The L.A. Times reported yesterday:

 

“The Spring Street committee, named after the Times' downtown address, began its work in October and produced a scathing report that has been seen by only a few of the newspapers top editors and executives. ‘To put it bluntly,’ the seven-page report found, ‘as a news organization, we are not web-savvy. If anything, we are web-stupid.’”

 

“Among the impediments the group cited or implied as stalling growth at latimes.com:

· Lack of assertive leadership and adequate focus on the website, both inside The Times and at the paper's parent, Tribune Co.

· Understaffing. Latimes.com employs about 18 "talented and dedicated" editorial employees, only a fraction of the 200 employees at the Washington Post's website and the 50 employed by the New York Times' site.
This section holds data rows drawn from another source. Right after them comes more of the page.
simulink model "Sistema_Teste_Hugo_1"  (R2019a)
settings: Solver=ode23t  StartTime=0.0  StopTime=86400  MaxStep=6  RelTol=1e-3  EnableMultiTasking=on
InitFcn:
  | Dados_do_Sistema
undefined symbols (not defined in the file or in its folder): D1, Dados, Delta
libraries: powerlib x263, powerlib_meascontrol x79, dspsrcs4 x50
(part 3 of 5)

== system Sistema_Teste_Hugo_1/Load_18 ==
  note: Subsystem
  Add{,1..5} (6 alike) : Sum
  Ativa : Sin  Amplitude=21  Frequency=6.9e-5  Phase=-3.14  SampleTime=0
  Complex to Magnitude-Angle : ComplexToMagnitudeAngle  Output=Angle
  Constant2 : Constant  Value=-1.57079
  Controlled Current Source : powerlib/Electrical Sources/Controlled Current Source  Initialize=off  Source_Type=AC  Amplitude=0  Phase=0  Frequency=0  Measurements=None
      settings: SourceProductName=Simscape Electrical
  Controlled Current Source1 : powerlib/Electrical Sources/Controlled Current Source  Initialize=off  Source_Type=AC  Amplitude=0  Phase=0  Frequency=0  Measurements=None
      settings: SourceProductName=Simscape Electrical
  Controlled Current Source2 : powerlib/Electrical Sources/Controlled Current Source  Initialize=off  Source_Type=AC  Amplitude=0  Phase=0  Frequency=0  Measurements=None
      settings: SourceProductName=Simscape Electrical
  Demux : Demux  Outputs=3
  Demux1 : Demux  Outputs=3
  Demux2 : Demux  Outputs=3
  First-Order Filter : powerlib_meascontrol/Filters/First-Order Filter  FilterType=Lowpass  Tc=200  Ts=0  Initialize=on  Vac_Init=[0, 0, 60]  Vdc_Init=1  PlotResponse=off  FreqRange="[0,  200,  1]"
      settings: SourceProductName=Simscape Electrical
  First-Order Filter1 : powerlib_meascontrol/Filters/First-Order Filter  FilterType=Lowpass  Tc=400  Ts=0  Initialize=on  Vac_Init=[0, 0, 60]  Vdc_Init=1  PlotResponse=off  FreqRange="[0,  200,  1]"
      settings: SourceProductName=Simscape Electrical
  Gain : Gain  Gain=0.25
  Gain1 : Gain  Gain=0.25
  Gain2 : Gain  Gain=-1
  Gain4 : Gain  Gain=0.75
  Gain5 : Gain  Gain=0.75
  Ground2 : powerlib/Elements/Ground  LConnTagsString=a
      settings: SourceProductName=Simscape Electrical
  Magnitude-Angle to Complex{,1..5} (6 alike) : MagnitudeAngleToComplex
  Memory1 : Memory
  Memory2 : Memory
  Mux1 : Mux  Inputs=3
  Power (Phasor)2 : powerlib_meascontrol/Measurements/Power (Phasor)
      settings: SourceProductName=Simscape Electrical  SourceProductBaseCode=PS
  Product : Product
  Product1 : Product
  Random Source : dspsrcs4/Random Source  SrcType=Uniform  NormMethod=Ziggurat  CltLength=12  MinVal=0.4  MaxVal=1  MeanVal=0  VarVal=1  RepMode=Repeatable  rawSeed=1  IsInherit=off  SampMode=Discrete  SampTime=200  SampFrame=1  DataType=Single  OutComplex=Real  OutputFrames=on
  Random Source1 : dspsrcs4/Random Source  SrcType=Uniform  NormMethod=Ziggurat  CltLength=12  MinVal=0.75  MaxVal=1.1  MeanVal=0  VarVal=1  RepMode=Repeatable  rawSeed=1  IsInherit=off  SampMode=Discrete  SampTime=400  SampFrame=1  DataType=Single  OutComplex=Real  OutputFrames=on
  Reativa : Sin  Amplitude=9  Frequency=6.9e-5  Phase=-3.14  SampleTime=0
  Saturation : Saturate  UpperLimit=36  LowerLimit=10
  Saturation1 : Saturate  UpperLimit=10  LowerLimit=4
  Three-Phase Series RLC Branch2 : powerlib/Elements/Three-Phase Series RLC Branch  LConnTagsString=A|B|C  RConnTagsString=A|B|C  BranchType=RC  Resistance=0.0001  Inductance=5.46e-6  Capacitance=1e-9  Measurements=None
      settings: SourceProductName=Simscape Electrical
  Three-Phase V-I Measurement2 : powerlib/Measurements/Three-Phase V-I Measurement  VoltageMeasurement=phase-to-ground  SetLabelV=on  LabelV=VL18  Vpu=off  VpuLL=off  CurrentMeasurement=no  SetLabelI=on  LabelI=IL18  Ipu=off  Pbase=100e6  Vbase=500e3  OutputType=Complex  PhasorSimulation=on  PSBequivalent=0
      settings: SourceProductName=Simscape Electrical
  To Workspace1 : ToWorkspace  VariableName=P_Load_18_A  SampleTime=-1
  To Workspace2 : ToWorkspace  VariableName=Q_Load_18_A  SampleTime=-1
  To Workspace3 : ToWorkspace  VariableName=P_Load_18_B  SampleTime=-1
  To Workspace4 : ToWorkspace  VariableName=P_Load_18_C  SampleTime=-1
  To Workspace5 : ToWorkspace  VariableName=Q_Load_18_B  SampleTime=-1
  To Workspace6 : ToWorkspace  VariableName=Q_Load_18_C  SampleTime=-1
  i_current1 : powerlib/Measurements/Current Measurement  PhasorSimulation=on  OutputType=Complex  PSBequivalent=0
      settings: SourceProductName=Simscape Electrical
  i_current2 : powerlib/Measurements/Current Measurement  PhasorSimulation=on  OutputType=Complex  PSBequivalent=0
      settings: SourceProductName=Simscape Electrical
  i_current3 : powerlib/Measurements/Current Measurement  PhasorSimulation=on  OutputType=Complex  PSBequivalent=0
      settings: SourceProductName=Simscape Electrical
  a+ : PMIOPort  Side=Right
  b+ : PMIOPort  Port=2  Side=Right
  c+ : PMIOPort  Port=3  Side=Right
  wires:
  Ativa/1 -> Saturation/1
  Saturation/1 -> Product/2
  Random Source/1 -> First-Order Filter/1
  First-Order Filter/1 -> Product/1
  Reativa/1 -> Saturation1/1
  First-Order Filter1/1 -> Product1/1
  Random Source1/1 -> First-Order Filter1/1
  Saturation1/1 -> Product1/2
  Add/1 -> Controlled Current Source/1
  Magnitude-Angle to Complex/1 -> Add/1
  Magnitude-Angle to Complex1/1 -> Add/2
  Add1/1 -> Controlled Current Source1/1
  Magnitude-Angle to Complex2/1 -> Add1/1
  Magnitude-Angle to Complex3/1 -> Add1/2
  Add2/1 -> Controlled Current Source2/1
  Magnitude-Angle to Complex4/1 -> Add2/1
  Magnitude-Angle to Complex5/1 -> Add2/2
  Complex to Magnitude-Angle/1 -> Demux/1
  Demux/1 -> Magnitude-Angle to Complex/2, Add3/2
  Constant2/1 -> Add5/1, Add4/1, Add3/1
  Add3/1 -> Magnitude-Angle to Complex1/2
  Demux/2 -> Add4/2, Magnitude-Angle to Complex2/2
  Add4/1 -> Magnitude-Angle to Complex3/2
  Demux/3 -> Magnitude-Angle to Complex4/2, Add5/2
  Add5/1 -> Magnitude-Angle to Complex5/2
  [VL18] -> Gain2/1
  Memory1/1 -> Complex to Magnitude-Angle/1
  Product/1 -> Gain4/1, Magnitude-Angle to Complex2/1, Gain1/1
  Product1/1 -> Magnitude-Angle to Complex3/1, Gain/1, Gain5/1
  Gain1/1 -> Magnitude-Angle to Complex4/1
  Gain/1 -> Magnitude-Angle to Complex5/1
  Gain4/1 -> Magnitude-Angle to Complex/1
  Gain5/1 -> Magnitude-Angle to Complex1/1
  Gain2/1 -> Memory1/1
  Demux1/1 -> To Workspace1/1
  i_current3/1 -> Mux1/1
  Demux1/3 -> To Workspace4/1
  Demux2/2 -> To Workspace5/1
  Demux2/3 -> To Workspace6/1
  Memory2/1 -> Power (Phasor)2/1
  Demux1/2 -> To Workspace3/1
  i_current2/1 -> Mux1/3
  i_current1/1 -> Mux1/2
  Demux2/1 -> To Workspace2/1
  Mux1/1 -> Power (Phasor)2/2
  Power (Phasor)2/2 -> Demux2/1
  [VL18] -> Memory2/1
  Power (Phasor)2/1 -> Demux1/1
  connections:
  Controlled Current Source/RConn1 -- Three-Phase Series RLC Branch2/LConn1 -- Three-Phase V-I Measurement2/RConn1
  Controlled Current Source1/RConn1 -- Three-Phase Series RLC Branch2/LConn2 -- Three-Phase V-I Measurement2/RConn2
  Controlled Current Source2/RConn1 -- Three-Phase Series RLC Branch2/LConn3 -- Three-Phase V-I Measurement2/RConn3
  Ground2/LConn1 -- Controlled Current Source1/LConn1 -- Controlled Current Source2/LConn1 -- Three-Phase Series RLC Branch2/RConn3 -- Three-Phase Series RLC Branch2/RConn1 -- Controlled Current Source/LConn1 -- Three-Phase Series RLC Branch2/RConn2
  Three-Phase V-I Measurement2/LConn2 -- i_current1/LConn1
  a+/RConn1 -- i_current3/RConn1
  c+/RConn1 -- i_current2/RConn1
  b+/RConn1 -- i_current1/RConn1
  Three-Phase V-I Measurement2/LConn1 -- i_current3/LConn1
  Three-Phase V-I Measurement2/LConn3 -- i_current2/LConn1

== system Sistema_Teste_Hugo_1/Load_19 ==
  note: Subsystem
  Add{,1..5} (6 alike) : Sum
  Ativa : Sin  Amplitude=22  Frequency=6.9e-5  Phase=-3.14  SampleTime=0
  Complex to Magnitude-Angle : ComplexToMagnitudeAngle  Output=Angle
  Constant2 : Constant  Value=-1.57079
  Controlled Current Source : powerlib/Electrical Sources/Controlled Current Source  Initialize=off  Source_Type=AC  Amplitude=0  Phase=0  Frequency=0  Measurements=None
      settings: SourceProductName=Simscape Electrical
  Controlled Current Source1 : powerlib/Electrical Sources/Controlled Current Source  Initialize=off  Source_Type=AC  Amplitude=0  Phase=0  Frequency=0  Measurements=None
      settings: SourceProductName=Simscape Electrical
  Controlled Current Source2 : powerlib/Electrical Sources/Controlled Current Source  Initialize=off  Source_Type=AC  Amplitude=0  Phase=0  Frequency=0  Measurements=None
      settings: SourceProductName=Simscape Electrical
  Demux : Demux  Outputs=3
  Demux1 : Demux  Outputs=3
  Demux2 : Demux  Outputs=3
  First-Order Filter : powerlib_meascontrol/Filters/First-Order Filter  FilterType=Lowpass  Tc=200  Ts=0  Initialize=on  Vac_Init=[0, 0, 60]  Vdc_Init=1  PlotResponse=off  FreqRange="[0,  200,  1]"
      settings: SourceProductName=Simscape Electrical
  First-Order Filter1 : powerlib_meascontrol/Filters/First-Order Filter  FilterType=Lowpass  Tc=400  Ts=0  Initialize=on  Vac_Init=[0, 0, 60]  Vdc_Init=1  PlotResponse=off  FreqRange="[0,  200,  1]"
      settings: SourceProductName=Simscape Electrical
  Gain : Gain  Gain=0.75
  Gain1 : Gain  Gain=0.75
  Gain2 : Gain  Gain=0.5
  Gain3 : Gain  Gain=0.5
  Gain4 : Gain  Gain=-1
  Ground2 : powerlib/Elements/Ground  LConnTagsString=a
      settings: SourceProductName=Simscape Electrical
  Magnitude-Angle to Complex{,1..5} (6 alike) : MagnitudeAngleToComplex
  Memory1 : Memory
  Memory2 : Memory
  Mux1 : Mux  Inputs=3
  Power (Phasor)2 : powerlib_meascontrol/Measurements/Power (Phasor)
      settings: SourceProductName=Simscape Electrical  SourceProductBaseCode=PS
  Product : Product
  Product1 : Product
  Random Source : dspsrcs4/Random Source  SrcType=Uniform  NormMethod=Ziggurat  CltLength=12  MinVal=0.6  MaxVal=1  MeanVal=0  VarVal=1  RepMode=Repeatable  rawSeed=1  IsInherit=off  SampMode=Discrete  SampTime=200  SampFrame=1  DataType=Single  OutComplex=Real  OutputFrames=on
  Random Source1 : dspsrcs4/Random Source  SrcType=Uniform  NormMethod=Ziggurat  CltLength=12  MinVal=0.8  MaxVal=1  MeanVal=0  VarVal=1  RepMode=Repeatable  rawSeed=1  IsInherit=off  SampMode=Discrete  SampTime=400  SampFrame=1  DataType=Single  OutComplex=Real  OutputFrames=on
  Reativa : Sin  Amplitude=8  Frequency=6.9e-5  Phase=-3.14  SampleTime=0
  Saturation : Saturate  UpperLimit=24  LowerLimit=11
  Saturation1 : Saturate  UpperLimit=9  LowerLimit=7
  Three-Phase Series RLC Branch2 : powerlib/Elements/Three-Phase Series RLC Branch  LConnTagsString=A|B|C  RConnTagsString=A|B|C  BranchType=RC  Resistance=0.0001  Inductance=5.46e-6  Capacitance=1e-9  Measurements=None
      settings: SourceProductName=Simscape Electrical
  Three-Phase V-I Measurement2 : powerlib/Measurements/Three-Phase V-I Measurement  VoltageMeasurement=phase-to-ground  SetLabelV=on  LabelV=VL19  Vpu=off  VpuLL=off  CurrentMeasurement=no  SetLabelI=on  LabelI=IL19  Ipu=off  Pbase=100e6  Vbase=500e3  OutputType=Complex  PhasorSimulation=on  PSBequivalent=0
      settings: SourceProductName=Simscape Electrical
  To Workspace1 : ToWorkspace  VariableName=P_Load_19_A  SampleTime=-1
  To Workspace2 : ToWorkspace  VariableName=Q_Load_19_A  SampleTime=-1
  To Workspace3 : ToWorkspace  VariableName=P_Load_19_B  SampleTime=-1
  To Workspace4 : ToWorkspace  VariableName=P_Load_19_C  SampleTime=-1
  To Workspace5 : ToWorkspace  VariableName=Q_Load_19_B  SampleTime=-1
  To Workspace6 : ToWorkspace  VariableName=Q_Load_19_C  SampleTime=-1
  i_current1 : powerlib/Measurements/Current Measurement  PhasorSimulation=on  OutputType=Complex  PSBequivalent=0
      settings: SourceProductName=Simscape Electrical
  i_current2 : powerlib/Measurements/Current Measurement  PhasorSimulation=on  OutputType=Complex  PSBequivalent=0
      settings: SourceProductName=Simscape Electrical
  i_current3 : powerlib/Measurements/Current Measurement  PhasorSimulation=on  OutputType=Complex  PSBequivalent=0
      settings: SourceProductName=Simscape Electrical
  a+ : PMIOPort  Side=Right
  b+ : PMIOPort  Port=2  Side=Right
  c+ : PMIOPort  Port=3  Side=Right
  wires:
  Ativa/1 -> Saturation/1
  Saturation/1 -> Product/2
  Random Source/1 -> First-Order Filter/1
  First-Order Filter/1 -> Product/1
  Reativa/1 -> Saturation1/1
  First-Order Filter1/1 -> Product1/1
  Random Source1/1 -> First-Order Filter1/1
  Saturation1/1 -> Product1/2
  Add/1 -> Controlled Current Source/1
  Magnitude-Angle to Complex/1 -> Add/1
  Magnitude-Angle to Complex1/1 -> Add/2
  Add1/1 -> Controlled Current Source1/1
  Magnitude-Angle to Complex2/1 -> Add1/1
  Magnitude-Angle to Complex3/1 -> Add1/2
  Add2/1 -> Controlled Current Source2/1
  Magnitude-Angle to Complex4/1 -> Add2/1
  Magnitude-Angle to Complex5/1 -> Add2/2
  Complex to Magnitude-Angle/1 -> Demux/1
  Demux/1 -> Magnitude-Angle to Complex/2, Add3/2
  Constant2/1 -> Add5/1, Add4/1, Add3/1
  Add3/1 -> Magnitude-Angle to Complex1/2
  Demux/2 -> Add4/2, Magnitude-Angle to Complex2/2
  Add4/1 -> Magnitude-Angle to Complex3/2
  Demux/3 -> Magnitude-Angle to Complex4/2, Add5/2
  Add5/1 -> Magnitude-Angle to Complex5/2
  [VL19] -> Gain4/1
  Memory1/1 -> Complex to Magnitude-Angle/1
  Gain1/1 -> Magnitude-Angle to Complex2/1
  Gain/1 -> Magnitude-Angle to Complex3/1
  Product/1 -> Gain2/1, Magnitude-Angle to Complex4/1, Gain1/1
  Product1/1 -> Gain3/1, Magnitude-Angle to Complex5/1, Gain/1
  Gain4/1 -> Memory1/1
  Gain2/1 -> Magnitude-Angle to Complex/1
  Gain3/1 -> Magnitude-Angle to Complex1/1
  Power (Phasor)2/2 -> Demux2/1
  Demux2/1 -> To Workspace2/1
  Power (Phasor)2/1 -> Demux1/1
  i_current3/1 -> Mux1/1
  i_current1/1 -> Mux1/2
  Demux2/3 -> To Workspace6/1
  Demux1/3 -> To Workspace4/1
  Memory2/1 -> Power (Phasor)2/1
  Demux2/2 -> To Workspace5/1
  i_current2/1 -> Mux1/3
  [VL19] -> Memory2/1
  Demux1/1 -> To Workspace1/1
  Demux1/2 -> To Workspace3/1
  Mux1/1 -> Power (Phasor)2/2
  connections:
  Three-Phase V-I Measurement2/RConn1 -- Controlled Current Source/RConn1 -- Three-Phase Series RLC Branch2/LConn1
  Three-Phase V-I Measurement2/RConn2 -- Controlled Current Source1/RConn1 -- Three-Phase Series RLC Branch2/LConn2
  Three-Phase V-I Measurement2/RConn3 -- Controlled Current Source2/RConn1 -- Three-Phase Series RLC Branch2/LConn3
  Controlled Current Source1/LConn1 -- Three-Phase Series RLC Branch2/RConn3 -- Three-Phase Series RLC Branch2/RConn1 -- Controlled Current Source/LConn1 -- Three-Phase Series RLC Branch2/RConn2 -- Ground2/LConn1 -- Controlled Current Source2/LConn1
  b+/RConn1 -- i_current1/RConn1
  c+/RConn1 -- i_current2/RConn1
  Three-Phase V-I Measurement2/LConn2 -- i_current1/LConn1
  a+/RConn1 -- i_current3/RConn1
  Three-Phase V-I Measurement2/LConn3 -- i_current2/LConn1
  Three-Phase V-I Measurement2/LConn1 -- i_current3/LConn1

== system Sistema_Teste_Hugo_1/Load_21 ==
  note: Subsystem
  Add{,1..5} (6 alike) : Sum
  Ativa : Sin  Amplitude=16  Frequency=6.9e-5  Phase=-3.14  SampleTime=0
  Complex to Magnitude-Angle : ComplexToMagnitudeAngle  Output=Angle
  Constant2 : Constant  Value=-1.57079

· "Creaky" technology that has made it impossible for latimes.com to host live chats between readers and journalists and to let readers customize stock tables or weather reports.

· Failure to integrate the newspaper's large news staff into operations at the web, contributing to delays in posting breaking news.”

 

The L.A. Times will also use 2007 to start redesigning the print edition and launch hyper-local news projects.

 

But some staffers are apparently unsure they can pull off the initiative without a major increase in resources, Editor & Publisher reported. Resources may continue to be tight until the Tribune Co., which owns the L.A. Times, accepts a purchase bid or otherwise completes a reorganization.


In a letter to Poynter.org's Romenesko, Phillip Day asked, "Does the managment at the Times or the journalists who apparently helped spearhead this plan have any evidence that the revenue generated from this exercise will even offset the money put into it? If journalists are to consider the website as the the primary vehicle for delivering news, as Editor James E. O'Shea said they should, what will be the paper's primary vehicle for delivering revenue?"